On November 14, reports emerged that local developer PMC had revised its plans to develop two residential towers at 23rd and Arch streets, which is currently a parking lot and one of the last significant sites along the Schuylkill River.

For the River Walk project, PMC is working once again with the global architecture and design firm Gensler, which is also leading the exterior and interior renovations for Aramark’s new headquarters at 2400 Market, also located on the Schuylkill River. The River Walk proposal calls for two 32- and 28-story towers with 600 total units.

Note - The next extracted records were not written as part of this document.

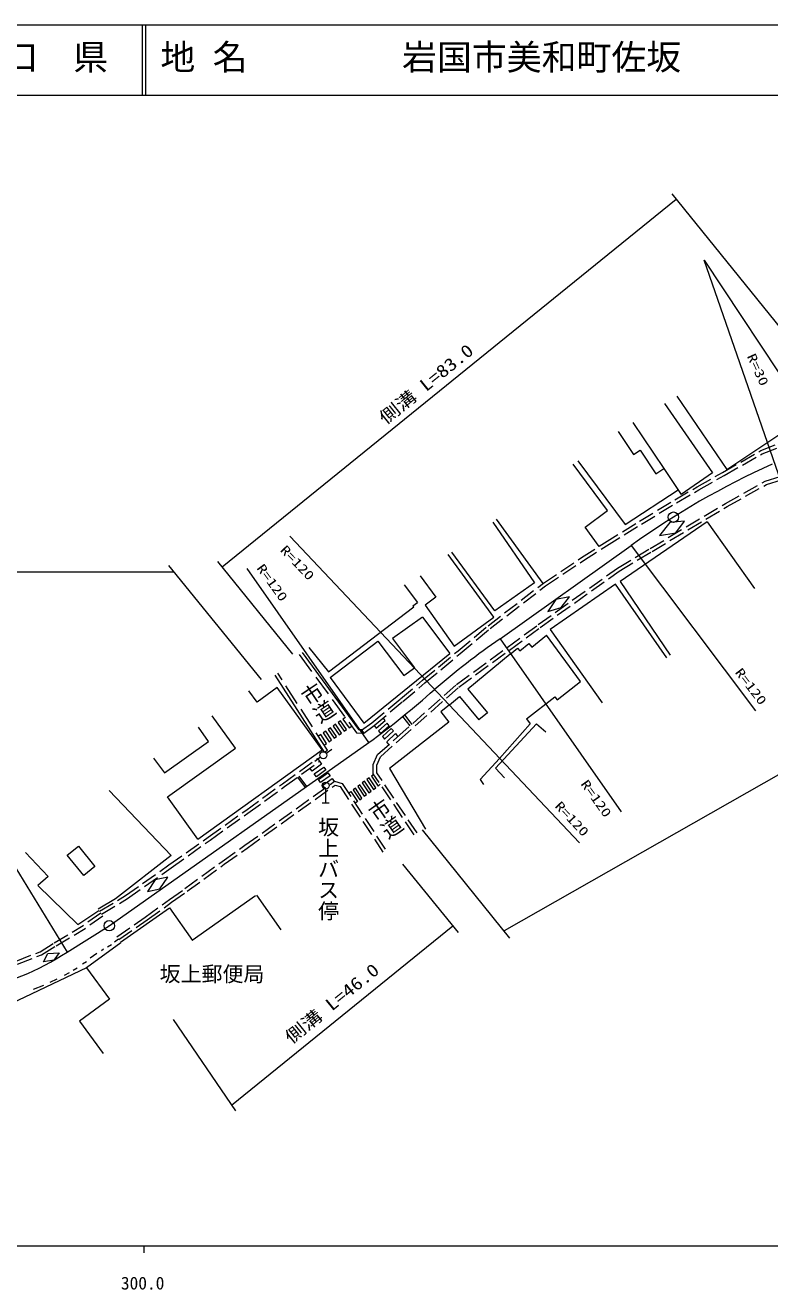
# Model space of a CAD drawing. Units: millimetres, scale not verified. Extents: x 40000 to 680000, y 20000 to 380000.
# Drawn here: x 351020 to 457711, y 198715 to 380000 of the extents above; entities that cross this region are included whole.
import ezdxf
from ezdxf.enums import TextEntityAlignment as Align

# ---------------------------------------------------------------- set-up
doc = ezdxf.new("R2010")
doc.units = ezdxf.units.MM
doc.header["$LTSCALE"] = 1000
doc.linetypes.add('USER2', pattern=[3, 2.25, -0.75])
doc.linetypes.add('USER3', pattern=[4, 3, -1])
for name, color, linetype, lineweight in [('M-BGD', 7, 'Continuous', 13), ('M-BMK', 2, 'Continuous', 13), ('M-BMK-SRVR', 3, 'Continuous', 13), ('M-STR-HTXT', 7, 'Continuous', 13), ('M-TTL', 2, 'Continuous', 13), ('M-TTL-BAND', 7, 'Continuous', 13), ('M-TTL-LINE', 7, 'Continuous', 13), ('M-TTL-TXT', 7, 'Continuous', 13)]:
    doc.layers.add(name, color=color, linetype=linetype, lineweight=lineweight)
doc.layers.add('M-BGD-HTXT', color=7, linetype='Continuous')
doc.styles.add('@ＭＳ ゴシック', font='')
doc.styles.add('ＭＳ ゴシック', font='')
doc.styles.get('@ＭＳ ゴシック').set_extended_font_data('@MS Gothic')
doc.styles.get('ＭＳ ゴシック').set_extended_font_data('MS Gothic')

msp = doc.modelspace()

# ---------------------------------------------------------------- linework, layer by layer
at = {"layer": 'M-BGD'}
for p, q in [((467986, 289618), (448305, 346346)), ((448305, 346346), (465343, 320596)), ((444387, 326832), (451590, 316323)), ((442648, 325751), (449491, 315822)), ((438090, 323040), (442540, 316444)), ((435969, 321741), (438189, 318452)), ((451590, 316323), (460881, 322525)), ((438189, 318452), (439139, 319076)), ((439139, 319076), (441412, 315708)), ((430195, 317544), (436973, 308408)), ((434475, 310417), (429521, 317095)), ((441412, 315708), (442540, 316444)), ((442540, 316444), (445029, 312748)), ((449491, 315822), (445029, 312748)), ((436973, 308408), (444599, 313386)), ((431276, 308044), (434475, 310417)), ((418048, 308772), (423998, 300081)), ((425243, 299990), (418571, 309195)), ((448769, 308811), (436294, 300233)), ((443384, 308698), (441927, 306864)), ((443384, 308698), (441927, 306864)), ((445512, 308896), (443384, 308698)), ((444252, 307222), (445512, 308896)), ((448769, 308811), (455513, 299236)), ((388943, 306774), (430433, 262804)), ((433251, 305293), (431263, 308035)), ((441927, 306864), (444252, 307222)), ((437863, 305426), (455657, 281703)), ((418183, 295154), (411623, 304104)), ((418336, 296040), (412151, 304478)), ((400279, 277170), (382796, 302123)), ((407605, 301076), (409858, 298001)), ((405323, 299786), (407218, 297239)), ((423998, 300081), (418336, 296040)), ((435595, 299885), (426246, 293373)), ((442970, 289298), (435595, 299885)), ((436294, 300233), (443431, 289671)), ((409858, 298001), (408308, 296854)), ((427053, 297653), (425913, 295966)), ((429021, 298047), (427053, 297653)), ((429021, 298047), (427053, 297653)), ((427840, 296547), (429021, 298047)), ((394481, 287291), (406697, 296608)), ((406581, 296765), (407218, 297239)), ((406697, 296608), (406581, 296765)), ((408308, 296854), (412508, 290994)), ((425913, 295966), (427840, 296547)), ((407962, 295149), (403633, 292090)), ((407962, 295149), (411853, 289920)), ((412508, 290994), (418183, 295154)), ((403633, 292090), (406779, 287862)), ((419060, 292052), (436437, 267229)), ((423629, 290849), (425735, 292554)), ((430575, 285905), (425735, 292554)), ((426246, 293373), (433687, 282869)), ((390690, 290073), (398761, 279049)), ((391647, 290790), (394481, 287291)), ((394694, 286481), (401568, 291723)), ((401568, 291723), (405260, 286760)), ((420515, 289852), (421567, 290704)), ((421567, 290704), (421887, 290309)), ((421887, 290309), (423203, 291375)), ((423203, 291375), (423629, 290849)), ((399548, 279956), (411853, 289920)), ((420515, 289852), (414449, 284831)), ((393902, 275780), (386815, 286818)), ((394694, 286481), (399548, 279956)), ((405260, 286760), (406779, 287862)), ((387142, 285052), (384248, 282972)), ((393572, 276106), (387142, 285052)), ((414449, 284831), (417256, 281439)), ((427231, 283306), (430575, 285905)), ((384245, 282970), (383073, 284601)), ((411817, 282565), (413252, 283753)), ((413252, 283753), (416005, 280426)), ((422846, 280543), (426911, 283701)), ((426911, 283701), (427231, 283306)), ((405366, 281115), (406396, 279766)), ((411817, 282565), (410554, 281568)), ((410554, 281568), (411712, 280102)), ((417256, 281439), (416005, 280426)), ((377297, 277298), (375830, 279378)), ((381129, 276355), (377800, 280987)), ((394784, 279289), (394433, 279045)), ((395645, 278028), (394784, 279289)), ((395488, 279777), (395136, 279533)), ((395136, 279533), (396003, 278277)), ((396362, 278525), (395488, 279777)), ((396191, 280265), (395840, 280021)), ((395840, 280021), (396721, 278774)), ((397079, 279023), (396191, 280265)), ((396895, 280753), (396543, 280509)), ((396543, 280509), (397438, 279272)), ((397438, 279272), (397797, 279520)), ((401019, 279620), (401320, 279227)), ((401320, 279227), (402614, 280335)), ((402903, 279957), (401621, 278833)), ((401922, 278439), (403192, 279579)), ((403480, 279201), (402224, 278045)), ((402614, 280335), (402326, 280713)), ((403192, 279579), (402903, 279957)), ((411712, 280102), (403197, 273432)), ((403769, 278823), (403480, 279201)), ((405103, 280905), (406144, 279542)), ((418406, 273500), (424277, 279824)), ((423377, 279859), (419003, 274900)), ((422846, 280543), (423377, 279859)), ((424277, 279824), (425624, 278719)), ((393378, 278314), (393026, 278070)), ((394210, 277033), (393378, 278314)), ((394081, 278801), (393729, 278557)), ((393729, 278557), (394569, 277282)), ((394927, 277530), (394081, 278801)), ((394433, 279045), (395286, 277779)), ((394569, 277282), (394927, 277530)), ((395286, 277779), (395645, 278028)), ((396003, 278277), (396362, 278525)), ((396721, 278774), (397079, 279023)), ((398761, 279049), (399364, 279022)), ((399221, 278917), (399518, 278514)), ((401621, 278833), (401922, 278439)), ((402224, 278045), (402525, 277651)), ((402525, 277651), (403769, 278823)), ((402826, 277257), (404058, 278444)), ((404058, 278444), (404402, 277998)), ((404347, 278066), (404402, 277998)), ((370989, 272844), (377297, 277298)), ((371404, 269366), (381125, 276353)), ((375760, 263305), (393572, 276106)), ((393851, 276784), (394210, 277033)), ((393902, 275780), (394322, 276050)), ((394145, 275640), (394956, 276225)), ((403127, 276864), (402826, 277257)), ((369404, 274937), (370989, 272844)), ((393495, 274069), (392125, 273080)), ((393334, 275055), (392524, 274468)), ((392901, 274888), (393194, 274483)), ((393194, 274483), (393495, 274069)), ((419003, 274900), (416218, 271883)), ((390033, 272197), (391133, 270716)), ((390241, 272348), (391344, 270864)), ((392125, 273080), (391820, 273490)), ((392429, 272670), (393796, 273655)), ((392734, 272260), (392429, 272670)), ((394097, 273242), (392734, 272260)), ((393038, 271851), (394398, 272828)), ((394699, 272414), (393343, 271441)), ((393647, 271031), (395000, 272000)), ((393796, 273655), (394097, 273242)), ((394398, 272828), (394699, 272414)), ((395000, 272000), (395301, 271586)), ((400297, 272104), (399970, 271859)), ((401244, 270686), (400297, 272104)), ((400951, 272594), (400624, 272349)), ((400624, 272349), (401572, 270932)), ((403197, 273432), (408366, 264762)), ((418406, 273500), (419702, 272099)), ((363018, 270311), (371907, 260948)), ((393343, 271441), (393038, 271851)), ((393952, 270621), (393647, 271031)), ((394069, 270494), (394069, 268521)), ((397354, 269898), (397681, 270143)), ((397681, 270143), (398615, 268716)), ((398335, 270633), (398008, 270388)), ((398008, 270388), (398944, 268963)), ((399272, 269209), (398335, 270633)), ((398989, 271123), (398662, 270878)), ((398662, 270878), (399601, 269455)), ((399930, 269701), (398989, 271123)), ((399643, 271614), (399316, 271369)), ((399316, 271369), (400258, 269947)), ((400587, 270194), (399643, 271614)), ((399970, 271859), (400915, 270440)), ((400258, 269947), (400587, 270194)), ((400915, 270440), (401244, 270686)), ((401572, 270932), (401901, 271178)), ((416218, 271883), (416685, 271172)), ((375760, 263305), (371404, 269366)), ((393559, 268521), (394572, 268521)), ((398615, 268716), (398287, 268470)), ((398944, 268963), (399272, 269209)), ((399601, 269455), (399930, 269701)), ((345066, 266635), (357009, 247114)), ((351045, 261381), (354295, 257975)), ((357044, 261005), (358623, 262284)), ((358623, 262284), (360967, 259389)), ((359388, 258111), (357044, 261005)), ((360967, 259389), (359388, 258111)), ((371907, 260948), (363970, 254740)), ((354295, 257975), (352810, 256659)), ((369634, 257484), (368539, 255825)), ((371462, 257865), (369634, 257484)), ((370322, 256179), (371462, 257865)), ((352810, 256659), (358555, 251074)), ((368539, 255825), (370322, 256179)), ((363970, 254740), (361467, 253257)), ((374943, 248831), (384037, 255211)), ((384138, 255282), (387623, 250315)), ((358555, 251074), (361571, 253067)), ((364642, 248529), (371688, 253471)), ((371688, 253471), (374974, 248787)), ((364710, 248464), (359785, 244849)), ((364710, 248464), (359785, 244849)), ((364371, 248962), (363825, 248560)), ((364371, 248962), (363825, 248560)), ((353633, 245743), (354242, 246935)), ((353633, 245743), (354242, 246935)), ((354242, 246935), (355884, 247028)), ((354242, 246935), (355884, 247028)), ((355884, 247028), (355118, 245985)), ((355884, 247028), (355118, 245985)), ((361259, 246895), (360307, 246269)), ((361259, 246895), (360307, 246269)), ((362210, 247521), (361921, 247308)), ((362210, 247521), (361921, 247308)), ((362814, 247881), (363379, 248218)), ((362814, 247881), (363379, 248218)), ((359785, 244849), (344241, 237495)), ((359785, 244849), (344241, 237495)), ((355118, 245985), (353633, 245743)), ((355118, 245985), (353633, 245743)), ((358461, 244837), (357895, 244495)), ((358461, 244837), (357895, 244495)), ((359791, 245714), (359225, 245371)), ((359791, 245714), (359225, 245371)), ((359785, 244849), (363082, 240357)), ((355562, 243223), (354551, 242777)), ((355562, 243223), (354551, 242777)), ((357330, 244153), (356584, 243752)), ((357330, 244153), (356584, 243752)), ((353625, 242318), (352171, 241769)), ((353625, 242318), (352171, 241769)), ((363078, 240362), (358791, 237216)), ((358792, 237216), (362200, 232573))]:
    msp.add_line(p, q, dxfattribs=at)
at = {"layer": 'M-BGD', "linetype": 'USER2'}
for p, q in [((456424, 319014), (459129, 320087)), ((456641, 318562), (459279, 319608)), ((450951, 315896), (456424, 319014)), ((451198, 315461), (456641, 318562)), ((447300, 313811), (450951, 315896)), ((447548, 313377), (451198, 315461)), ((457062, 314623), (462188, 316260)), ((457262, 314162), (462369, 315793)), ((444091, 311977), (447300, 313811)), ((451384, 311455), (457062, 314623)), ((451634, 311022), (457262, 314162)), ((439064, 308888), (444091, 311977)), ((444346, 311547), (447548, 313377)), ((439326, 308462), (444346, 311547)), ((440587, 305000), (451384, 311455)), ((440843, 304571), (451634, 311022)), ((434040, 305801), (439064, 308888)), ((434306, 305378), (439326, 308462)), ((430742, 303676), (434040, 305801)), ((431013, 303256), (434306, 305378)), ((435878, 302171), (440587, 305000)), ((436152, 301753), (440843, 304571)), ((425282, 300020), (430742, 303676)), ((425574, 299614), (431013, 303256)), ((424536, 294077), (435878, 302171)), ((424829, 293672), (436152, 301753)), ((417337, 293914), (425282, 300020)), ((417650, 293524), (425574, 299614)), ((412836, 285477), (424536, 294077)), ((413040, 290325), (417337, 293914)), ((413151, 285088), (424829, 293672)), ((413360, 289941), (417650, 293524)), ((410261, 287966), (413040, 290325)), ((410584, 287585), (413360, 289941)), ((407966, 286108), (410261, 287966)), ((408281, 285720), (410584, 287585)), ((404322, 277927), (412836, 285477)), ((404654, 277553), (413151, 285088)), ((404788, 283425), (407966, 286108)), ((405111, 283043), (408281, 285720)), ((400710, 280014), (404788, 283425)), ((401019, 279620), (405111, 283043)), ((399221, 278917), (400710, 280014)), ((399518, 278514), (401019, 279620)), ((401520, 275433), (404322, 277927)), ((401931, 275130), (404654, 277553)), ((387886, 271262), (392901, 274888)), ((388179, 270857), (393194, 274483)), ((400882, 274031), (401520, 275433)), ((400890, 272686), (400882, 274031)), ((401383, 273924), (401931, 275130)), ((401389, 272839), (401383, 273924)), ((406751, 263948), (400890, 272686)), ((407166, 264226), (401389, 272839)), ((382505, 262438), (395326, 271604)), ((382604, 267421), (387886, 271262)), ((382796, 262032), (395423, 271059)), ((382898, 267017), (388179, 270857)), ((395326, 271604), (396440, 271295)), ((395423, 271059), (396125, 270864)), ((396125, 270864), (402503, 261104)), ((396440, 271295), (402922, 261378)), ((377211, 263598), (382604, 267421)), ((377500, 263190), (382898, 267017)), ((371613, 259611), (377211, 263598)), ((371903, 259203), (377500, 263190)), ((379255, 260133), (382505, 262438)), ((379544, 259725), (382796, 262032)), ((365388, 255221), (371613, 259611)), ((373904, 256236), (379255, 260133)), ((374198, 255832), (379544, 259725)), ((365662, 254803), (371903, 259203)), ((371696, 254666), (373904, 256236)), ((371986, 254258), (374198, 255832)), ((361675, 252973), (365388, 255221)), ((361934, 252545), (365662, 254803)), ((368179, 252145), (371696, 254666)), ((368470, 251738), (371986, 254258)), ((361836, 252679), (359308, 250911)), ((362117, 252266), (359579, 250491)), ((364154, 249321), (368179, 252145)), ((355177, 248465), (359308, 250911)), ((355438, 248038), (359579, 250491)), ((364441, 248912), (368470, 251738)), ((353127, 247176), (355177, 248465)), ((349719, 245839), (353127, 247176)), ((349893, 245371), (353354, 246727)), ((353354, 246727), (355438, 248038))]:
    msp.add_line(p, q, dxfattribs=at)
at = {"layer": 'M-BGD', "linetype": 'USER3'}
for p, q in [((390287, 289778), (398499, 278561)), ((394322, 276050), (387236, 287088)), ((398499, 278561), (399518, 278514))]:
    msp.add_line(p, q, dxfattribs=at)
at = {"layer": 'M-BGD'}
for centre, radius in [((393739, 275348), 500), ((394069, 270996), 502), ((363050, 250898), 750), ((363050, 250898), 750), ((363050, 250898), 22.5), ((363050, 250898), 22.5)]:
    msp.add_circle(centre, radius, dxfattribs=at)
at = {"layer": 'M-BMK'}
for p, q in [((419060, 292052), (437863, 305426)), ((363050, 250898), (400279, 277170)), ((357009, 247114), (363050, 250898)), ((357009, 247114), (363050, 250898))]:
    msp.add_line(p, q, dxfattribs=at)
for centre, radius, start, end in [((507701, 207842), 120000, 114.44078, 125.59048), ((487768, 193668), 120000, 124.92932, 130.63293), ((329527, 374093), 120000, 306.12852, 311.87148), ((336626, 277993), 37000, 258.18303, 303.42863), ((336626, 277993), 37000, 258.18303, 303.42863)]:
    msp.add_arc(centre, radius, start, end, dxfattribs=at)
at = {"layer": 'M-BMK-SRVR'}
for centre, radius in [((443905, 309479), 750), ((443905, 309479), 22.5), ((363050, 250898), 750), ((363050, 250898), 22.5)]:
    msp.add_circle(centre, radius, dxfattribs=at)
at = {"layer": 'M-STR-HTXT'}
for p, q in [((443676, 355829), (460266, 335341)), ((379231, 302355), (444305, 355052)), ((532589, 314492), (419642, 250165)), ((389350, 289859), (378601, 303133)), ((72656, 301631), (372300, 301631)), ((371544, 302565), (384810, 286182)), ((420476, 249135), (407931, 264627)), ((413089, 249915), (405127, 259747)), ((380571, 225162), (412317, 250869)), ((372233, 237433), (381135, 224380))]:
    msp.add_line(p, q, dxfattribs=at)
at = {"layer": 'M-TTL'}
msp.add_line((680000, 380000), (40000, 380000), dxfattribs=at)
at = {"layer": 'M-TTL-BAND'}
for p, q in [((40000, 205000), (579000, 205000)), ((368000, 205000), (368000, 204000))]:
    msp.add_line(p, q, dxfattribs=at)
at = {"layer": 'M-TTL-LINE'}
for p, q in [((367750, 380000), (367750, 370000)), ((368250, 380000), (368250, 370000)), ((40000, 370000), (680000, 370000))]:
    msp.add_line(p, q, dxfattribs=at)

# ---------------------------------------------------------------- texts
at = {"layer": 'M-BGD', "style": 'ＭＳ ゴシック', "width": 1.35}
for s, rotation, p in [('R=30', 294.4, (454058, 332403)), ('R=120', 313.5, (387166, 304411)), ('R=120', 305.7, (383789, 301938)), ('R=120', 307.5, (452342, 286965)), ('R=120', 305.3, (430231, 270999)), ('R=120', 313.3, (426522, 267706))]:
    msp.add_text(s, height=1320, rotation=rotation, dxfattribs=at).set_placement(p, align=Align.BOTTOM_LEFT)
at = {"layer": 'M-BGD', "style": '@ＭＳ ゴシック'}
msp.add_text('坂上バス停', height=2199, rotation=270, dxfattribs=at).set_placement((392688, 266548), align=Align.BOTTOM_LEFT)
at = {"layer": 'M-BGD', "style": 'ＭＳ ゴシック'}
msp.add_text('坂上郵便局', height=2199, dxfattribs=at).set_placement((370286, 242218), align=Align.BOTTOM_LEFT)
at = {"layer": 'M-BGD-HTXT', "style": '@ＭＳ ゴシック'}
for rotation, p in [(303.9, (389859, 284361)), (305.1, (399496, 267695))]:
    msp.add_text('市道', height=2199, rotation=rotation, dxfattribs=at).set_placement(p, align=Align.BOTTOM_LEFT)
at = {"layer": 'M-STR-HTXT', "style": 'ＭＳ ゴシック', "width": 1.2}
for s, p in [('側溝 L=83.0', (402990, 322242)), ('側溝 L=46.0', (389478, 233431))]:
    msp.add_text(s, height=1833, rotation=39, dxfattribs=at).set_placement(p, align=Align.BOTTOM_LEFT)
at = {"layer": 'M-TTL-BAND', "style": 'ＭＳ ゴシック'}
msp.add_text('300.0', height=1833, dxfattribs=at).set_placement((364719, 198195), align=Align.BOTTOM_LEFT)
at = {"layer": 'M-TTL-TXT', "style": 'ＭＳ ゴシック'}
for s, p in [('山\u3000口\u3000県', (337875, 372500)), ('地 名', (370380, 372500)), ('岩国市美和町佐坂', (405024, 372500))]:
    msp.add_text(s, height=3666, dxfattribs=at).set_placement(p, align=Align.BOTTOM_LEFT)

doc.saveas('drawing.dxf')

Gensler principal and design director David Epstein took some time to share more information with Curbed Philly about the revised plans for River Walk, from architectural details to amenities to a groundbreaking date. Here are five big takeaways.

Besides amenities, the towers won’t differ too much design-wise.

“There is more power in your city, more than any in America, for twin buildings,” says Epstein. Instead of designing two “totally different pieces,” Gensler aimed for variety by flipping their position so that the sun hits them in different ways, and the texture of the skins vary, too.

“There are subtleties about them, but unity about them as well,” says Epstein. “When the sun hits it over the day, it’s going to be hopefully quite magical and delightful and make it feel different than a lot of these glassy buildings of today.”

The amenities will be split between the two towers.

Epstein says that because the towers are apartment buildings offered at market rate, “it’s really all about every dollar where it counts.” So instead of two fitness centers, two pools, and so forth in both buildings, the amenities will be spread across both, connected with a pedestrian bridge. “It’s a way to force community,” says Epstein.

The north tower will feature most of the active amenities, including a pool with aerial views and a fitness center. The south tower will have more of the community spaces, says Epstein.

The apartments will likely attract millennials.

“River Walk is probably going to have a younger group—that’s just how it is in Philadelphia,” says Epstein. “With university students and recent grads, there are a lot of people that I think want a much more social life and we’re hoping the buildings make that happen.”

The hope is for a late spring/early summer groundbreaking.

Gensler is currently working on construction documents, and PMC is aiming for a late spring or early summer groundbreaking. A former developer’s zoning permit allows PMC to build by-right, but they’ll have to request an extension since it expires at the end of this year.

It’s not clear whether it will be a multi-phase project.

“That’s still being debated,” says Epstein. “We are drawing it as a single project, but I think the owners are waiting to figure out what the market looks like. But in general, they’re very bullish on the apartment rental market in Philadelphia.”